The flag should be gated by the experimental feature flag since we
won't want to support this as a valid configuration -- testing only.
We need to upgrade append only ones in place during deep scrub.

Similarly, we can implement the unstable extent cache with the current
implementation, it even lets us cut out the readable ack the replicas
send to the primary after the commit which lets it release the lock.
Same deal, implement, gate with experimental flag, add to some of the
automated tests.  I don't really see a reason not to use the same flag
as above.

We can certainly implement the move-range primitive with unit tests
before there are any users.  Adding coverage to the existing
objectstore tests would suffice here.

Explicit missing set can be implemented now, same deal as above --
might as well even use the same feature bit.

The TPC protocol outlined above can actually be implemented an append
only EC pool.  Same deal as above, can even use the same feature bit.

The RADOS flag to suppress the read op user version return can be
implemented immediately.  Mostly just needs unit tests.
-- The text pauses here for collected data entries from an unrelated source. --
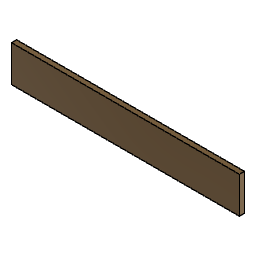
control_panel_front (Autodesk Fusion 360 design; units mm, degrees)
Autodesk Fusion 360 part; units mm, degrees
sketch "Control Panel Front" plane through (0, 0, 0) normal (0, 1, 0) x (1, 0, 0)
  line L0 (0, 0) -> (270, 0)
  line L1 (270, 0) -> (270, -43)
  line L2 (270, -43) -> (0, -43)
  line L3 (0, -43) -> (0, 0)
  dimension "d6" = 270
  dimension "d7" = 43
  constraint horizontal L0
  constraint vertical L1
  constraint horizontal L2
  constraint vertical L3
  constraint coincident L0.start L3.end
  measures "d6" distance of L0.start L0.end
  measures "d7" distance of L0.end L1.end
extrude "Extrude1" add sketch "Control Panel Front" along normal blind 6
equation "MDFThickness = 6 mm" comment "Thickness of the MDF board"
equation "d2 = MDFThickness"
equation "d7 = sidePanelControlPanelHeight - 2 * sidePanelClearance - 2 * MDFThickness"
equation "sidePanelClearance = 10 mm" comment "Clearance between side panel edge and main body edge"
equation "sidePanelControlPanelHeight = 75 mm" comment "The height of the control panel on the side panel"
named bodies: "Control Panel Front"

The version vector problem is an interesting one.  For append only EC
pools, it would be pointless since all writes increase the size and
therefore update the object_info.  We could do it for replicated pools
though.  It's a bit silly since all "shards" see all writes, but it
would still let us implement and partially test the augmented backfill
code as well as the extra pg log entry fields -- this depends on the
explicit pg log entry branch having already merged.  It's not entirely
clear to me that this one is worth doing seperately.  It's enough code
that I'd really prefer to get it done independently, but it's also a
fair amount of scaffolding that will be later discarded.

PGLog entries need to be able to record the participants and log
comparison needs to be modified to extend logs with entries they
wouldn't have witnessed.  This logic should be abstracted behind
PGLog so it can be unittested -- that would let us test it somewhat
before the actual ec overwrites code merges.

Whatever needs to happen to the ec plugin interface can probably be
done independently of the rest of this (pending resolution of
questions below).

The actual nuts and bolts of performing the ec overwrite it seems to
me can't be productively tested (and therefore implemented) until the
above are complete, so best to get all of the supporting code in
first.

Open Questions
==============

Is there a code we should be using that would let us compute a parity
delta without rereading and reencoding the full stripe?  If so, is it
the kind of thing we need to design for now, or can it be reasonably
put off?

What needs to happen to the EC plugin interface?